Entries taken from a collection:

____

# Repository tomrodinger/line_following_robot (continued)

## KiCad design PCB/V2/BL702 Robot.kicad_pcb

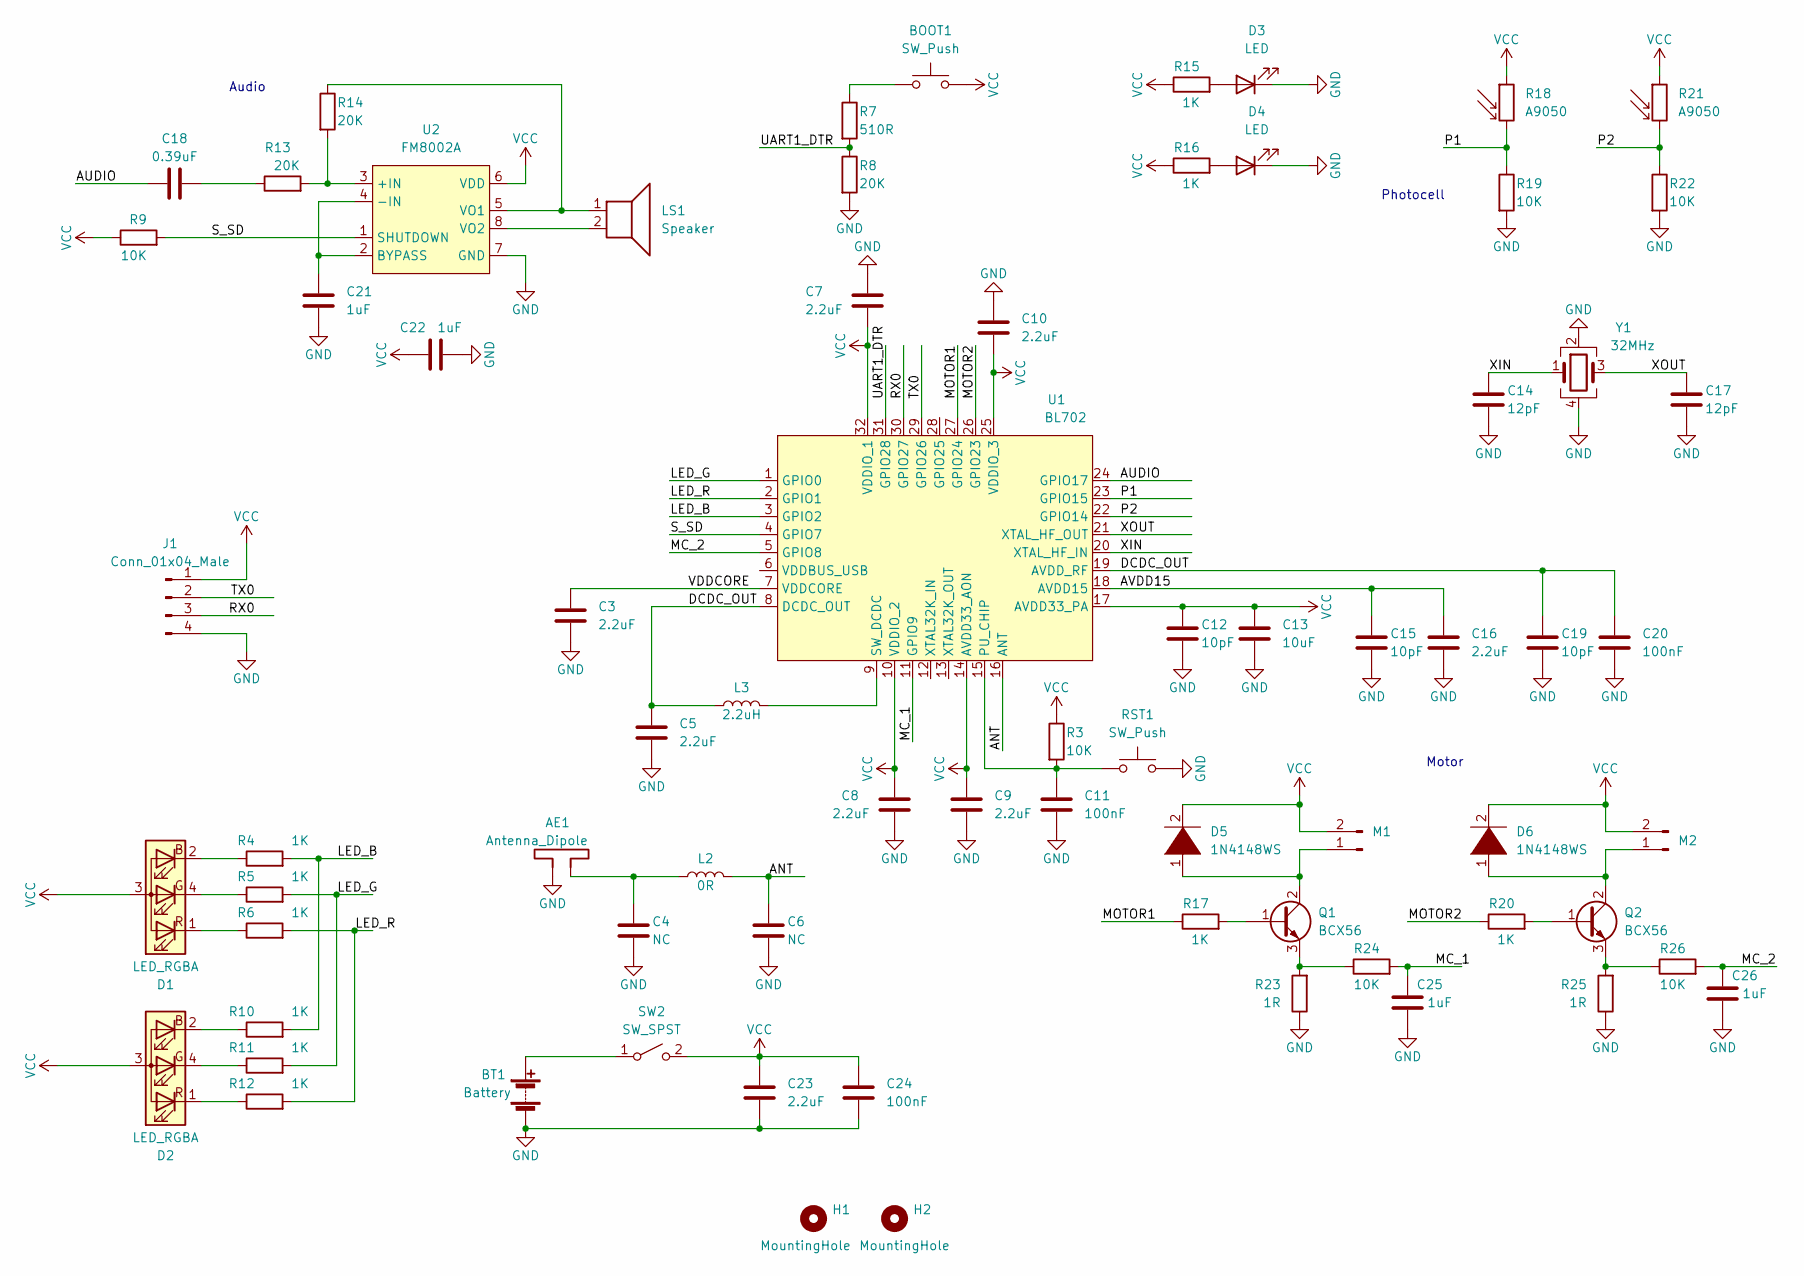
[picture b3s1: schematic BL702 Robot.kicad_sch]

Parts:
AE1: Antenna_Dipole; Texas_SWRA117D_2.4GHz_Right
BOOT1: SW_Push; SW_SPST_EVQPE1; LCSC PN C720477
BT1: Battery; JST_XH_B2B-XH-A_1x02_P2.50mm_Vertical; LCSC C158012
C3, C5, C7, C8, C9, C10, C16, C23: 2.2uF; C_0402_1005Metric; LCSC PN C12530
C4, C6: NC; C_0402_1005Metric
C11, C20, C24: 100nF; C_0402_1005Metric; LCSC PN C307331
C12, C15, C19: 10pF; C_0402_1005Metric; LCSC PN C32949
C13: 10uF; C_0603_1608Metric; LCSC PN C96446
C14: 12pF; C_0402_1005Metric; LCSC PN C1547
C17: 12pF; C_0402_1005Metric
C18: 0.39uF; C_0603_1608Metric
C21, C22, C25, C26: 1uF; C_0603_1608Metric
D1, D2: LED_RGBA; FM-B2020RGBA-HG; LCSC PN C108793
D3, D4: LED; LED_D3.0mm_Horizontal_O1.27mm_Z2.0mm
D5, D6: 1N4148WS; D_SOD-323; LCSC C2128
H1, H2: MountingHole; MountingHole_3mm
J1: Conn_01x04_Male; PinHeader_1x04_P2.54mm_Vertical
L2: 0R; L_0402_1005Metric
L3: 2.2uH; L_0805_2012Metric; LCSC PN C86089
LS1: Speaker; JST_XH_B2B-XH-A_1x02_P2.50mm_Vertical; LCSC C158012
M1, M2: Conn_01x02_Male; JST_XH_B2B-XH-A_1x02_P2.50mm_Vertical; LCSC C158012
Q1, Q2: BCX56; SOT-89-3; LCSC C123402
R3, R9, R19, R22, R24, R26: 10K; R_0402_1005Metric; LCSC PN C25744
R4, R5, R6, R10, R11, R12, R15, R16, R17, R20: 1K; R_0402_1005Metric; LCSC PN C11702
R7: 510R; R_0402_1005Metric; LCSC PN C25123
R8, R13, R14: 20K; R_0402_1005Metric; LCSC PN C25765
R18, R21: A9050; R_LDR_5.0x4.1mm_P3mm_Vertical
R23, R25: 1R; R_1206_3216Metric; LCSC PN C17928
RST1: SW_Push; SW_SPST_EVQPE1; LCSC PN C720477
SW2: SW_SPST; MSK12C02-HB; LCSC C431541
U1: BL702; QFN-32-1EP_4x4mm_P0.4mm_EP2.9x2.9mm; LCSC PN C2874059
U2: FM8002A; SOP-8_3.9x4.9mm_P1.27mm; LCSC C94625
Y1: 32MHz; Crystal_SMD_2016-4Pin_2.0x1.6mm; LCSC PN C255896

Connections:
/ANT: C6.1, L2.2, U1.16 (ANT)
/AUDIO: C18.1, U1.24 (GPIO17)
/AVDD15: C15.1, C16.1, U1.18 (AVDD15)
/DCDC_OUT: C5.1, C19.1, C20.1, L3.1, U1.8 (DCDC_OUT), U1.19 (AVDD_RF)
/LED_B: R4.2, R10.2, U1.3 (GPIO2)
/LED_G: R5.2, R11.2, U1.1 (GPIO0)
/LED_R: R6.2, R12.2, U1.2 (GPIO1)
/MC_1: C25.2, R24.2, U1.11 (GPIO9)
/MC_2: C26.2, R26.2, U1.5 (GPIO8)
/MOTOR1: R17.1, U1.27 (GPIO24)
/MOTOR2: R20.1, U1.26 (GPIO23)
/P1: R18.2, R19.1, U1.23 (GPIO15)
/P2: R21.2, R22.1, U1.22 (GPIO14)
/RX0: J1.3, U1.30 (GPIO27)
/S_SD: R9.2, U1.4 (GPIO7), U2.1 (SHUTDOWN)
/TX0: J1.2, U1.29 (GPIO26)
/UART1_DTR: R7.2, R8.1, U1.31 (GPIO28)
/VDDCORE: C3.1, U1.7 (VDDCORE)
/XIN: C14.1, U1.20 (XTAL_HF_IN), Y1.1
/XOUT: C17.1, U1.21 (XTAL_HF_OUT), Y1.3
GND: AE1.2, BT1.2 (-), C3.2, C4.2, C5.2, C6.2, C7.1, C8.2, C9.2, C10.1, C11.2, C12.2, C13.2, C14.2, C15.2, C16.2, C17.2, C19.2, C20.2, C21.2, C22.2, C23.2, C24.2, C25.1, C26.1, D3.1 (K), D4.1 (K), J1.4, R8.2, R19.2, R22.2, R23.1, R25.1, RST1.2, U1.33, U2.7 (GND), Y1.2, Y1.4; also elsewhere on the board
unnamed: AE1.1, C4.1, L2.1
unnamed 22: BOOT1.1, R7.1; also elsewhere on the board
unnamed: BT1.1 (+), SW2.1 (A)
unnamed 24: C11.1, R3.2, RST1.1, U1.15 (PU_CHIP); also elsewhere on the board
unnamed: C18.2, R13.1
unnamed: C21.1, U2.2 (BYPASS), U2.4 (-IN)
unnamed: D1.1 (RK), R6.1
unnamed: D1.2 (BK), R4.1
unnamed: D1.4 (GK), R5.1
unnamed: D2.1 (RK), R12.1
unnamed: D2.2 (BK), R10.1
unnamed: D2.4 (GK), R11.1
unnamed: D3.2 (A), R15.2
unnamed: D4.2 (A), R16.2
unnamed: D5.1 (K), M1.1, Q1.2 (C)
unnamed: D6.1 (K), M2.1, Q2.2 (C)
unnamed: L3.2, U1.9 (SW_DCDC)
unnamed: LS1.1, R14.1, U2.5 (VO1)
unnamed: LS1.2, U2.8 (VO2)
unnamed: Q1.1 (B), R17.2
unnamed: Q1.3 (E), R23.2, R24.1
unnamed: Q2.1 (B), R20.2
unnamed: Q2.3 (E), R25.2, R26.1
unnamed: R13.2, R14.2, U2.3 (+IN)
VCC: BOOT1.2, C7.2, C8.1, C9.1, C10.2, C12.1, C13.1, C22.1, C23.1, C24.1, D1.3 (A), D2.3 (A), D5.2 (A), D6.2 (A), J1.1, M1.2, M2.2, R3.1, R9.1, R15.1, R16.1, R18.1, R21.1, SW2.2 (B), U1.10 (VDDIO_2), U1.14 (AVDD33_AON), U1.17 (AVDD33_PA), U1.25 (VDDIO_3), U1.32 (VDDIO_1), U2.6 (VDD); also elsewhere on the board

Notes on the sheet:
Photocell
Audio
Motor

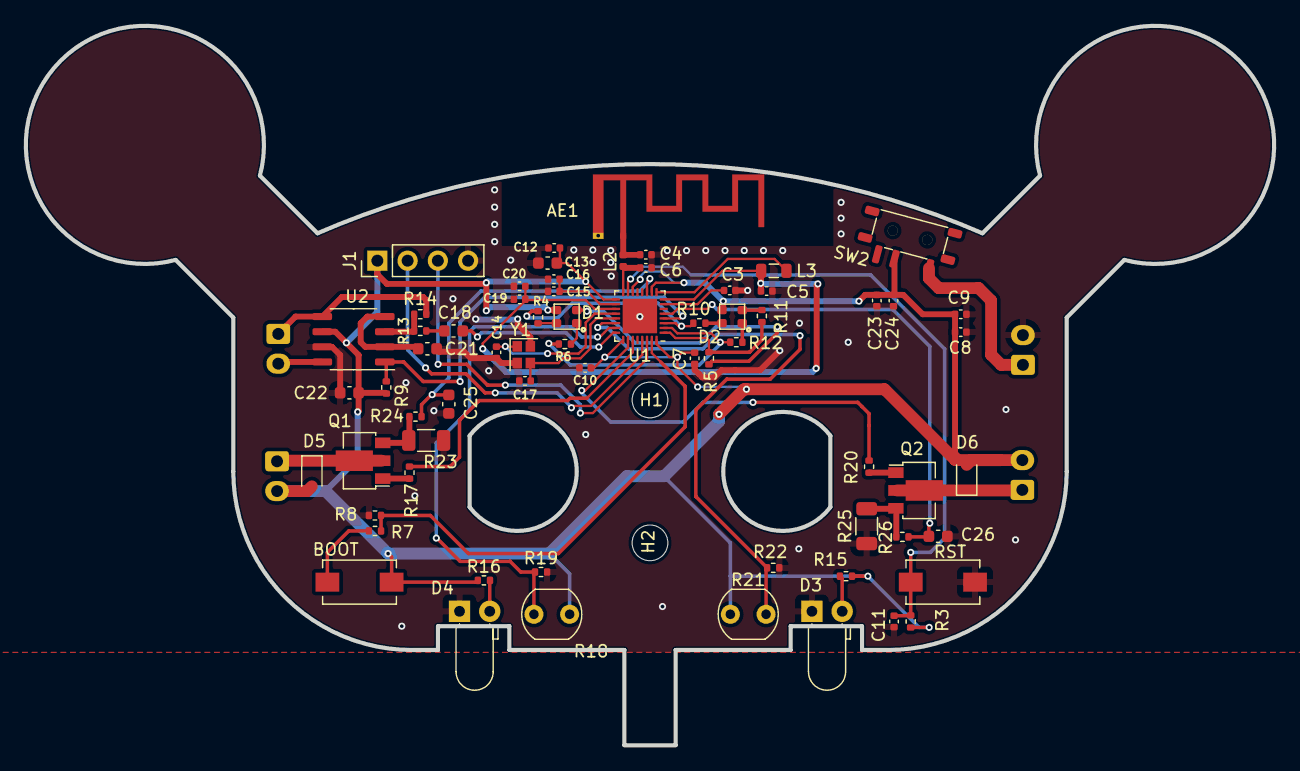
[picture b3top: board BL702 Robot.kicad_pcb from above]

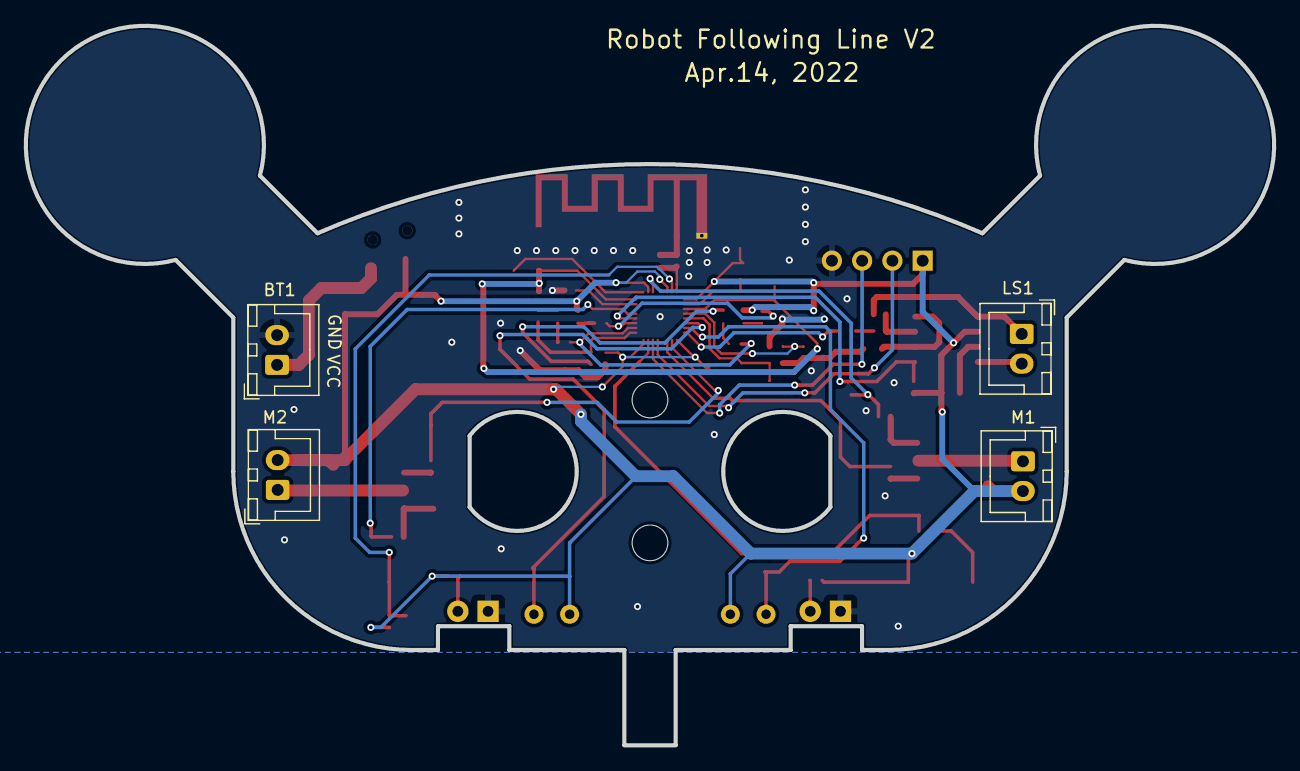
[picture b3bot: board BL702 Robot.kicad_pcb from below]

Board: 2 copper layers, 104.8 x 60.4 mm, 72 parts (4 on the bottom side), 46 nets.

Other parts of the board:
BOOT: SW_Push; SW_SPST_EVQPE1
RST: SW_Push; SW_SPST_EVQPE1

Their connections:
GND: RST.2; also elsewhere on the board
unnamed 22: BOOT.1; also elsewhere on the board
unnamed 24: RST.1; also elsewhere on the board
VCC: BOOT.2; also elsewhere on the board

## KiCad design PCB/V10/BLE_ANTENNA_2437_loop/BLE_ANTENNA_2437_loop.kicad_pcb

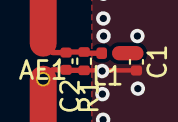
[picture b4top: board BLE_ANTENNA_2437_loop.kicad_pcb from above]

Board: 2 copper layers, 5 parts (0 on the bottom side), 3 nets.

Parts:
AE1: Antenna_Loop; BLE_2437_LOOP_2
C1: 4.8pf NP0; C_0402_1005Metric
C2: 0.6pf NP0; C_0402_1005Metric
L1: 2.5nH; L_0402_1005Metric
R1: 3k0; R_0402_1005Metric

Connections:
GND: AE1.2, C1.2, C2.2, R1.2
unnamed: AE1.1, C2.1, L1.2, R1.1
unnamed: C1.1, L1.1

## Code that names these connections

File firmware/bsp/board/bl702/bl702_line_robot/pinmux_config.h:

/**
 * @file pinmux_config.h
 * @brief
 *
 * Copyright (c) 2021 Bouffalolab team
 *
 * Licensed to the Apache Software Foundation (ASF) under one or more
 * contributor license agreements.  See the NOTICE file distributed with
 * this work for additional information regarding copyright ownership.  The
 * ASF licenses this file to you under the Apache License, Version 2.0 (the
 * "License"); you may not use this file except in compliance with the
 * License.  You may obtain a copy of the License at
 *
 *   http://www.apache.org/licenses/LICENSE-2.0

____

### Brief
Return the span of lines in the data above that opens at the line with "AE1: Antenna_Dipole; Texas_SWRA117D_2.4GHz_Right" and closes at the line with "C3, C5, C7, C8, C9, C10, C16, C23: 2.2uF;", exactly, ends included, nothing else.

### Exercise result
AE1: Antenna_Dipole; Texas_SWRA117D_2.4GHz_Right
BOOT1: SW_Push; SW_SPST_EVQPE1; LCSC PN C720477
BT1: Battery; JST_XH_B2B-XH-A_1x02_P2.50mm_Vertical; LCSC C158012
C3, C5, C7, C8, C9, C10, C16, C23: 2.2uF; C_0402_1005Metric; LCSC PN C12530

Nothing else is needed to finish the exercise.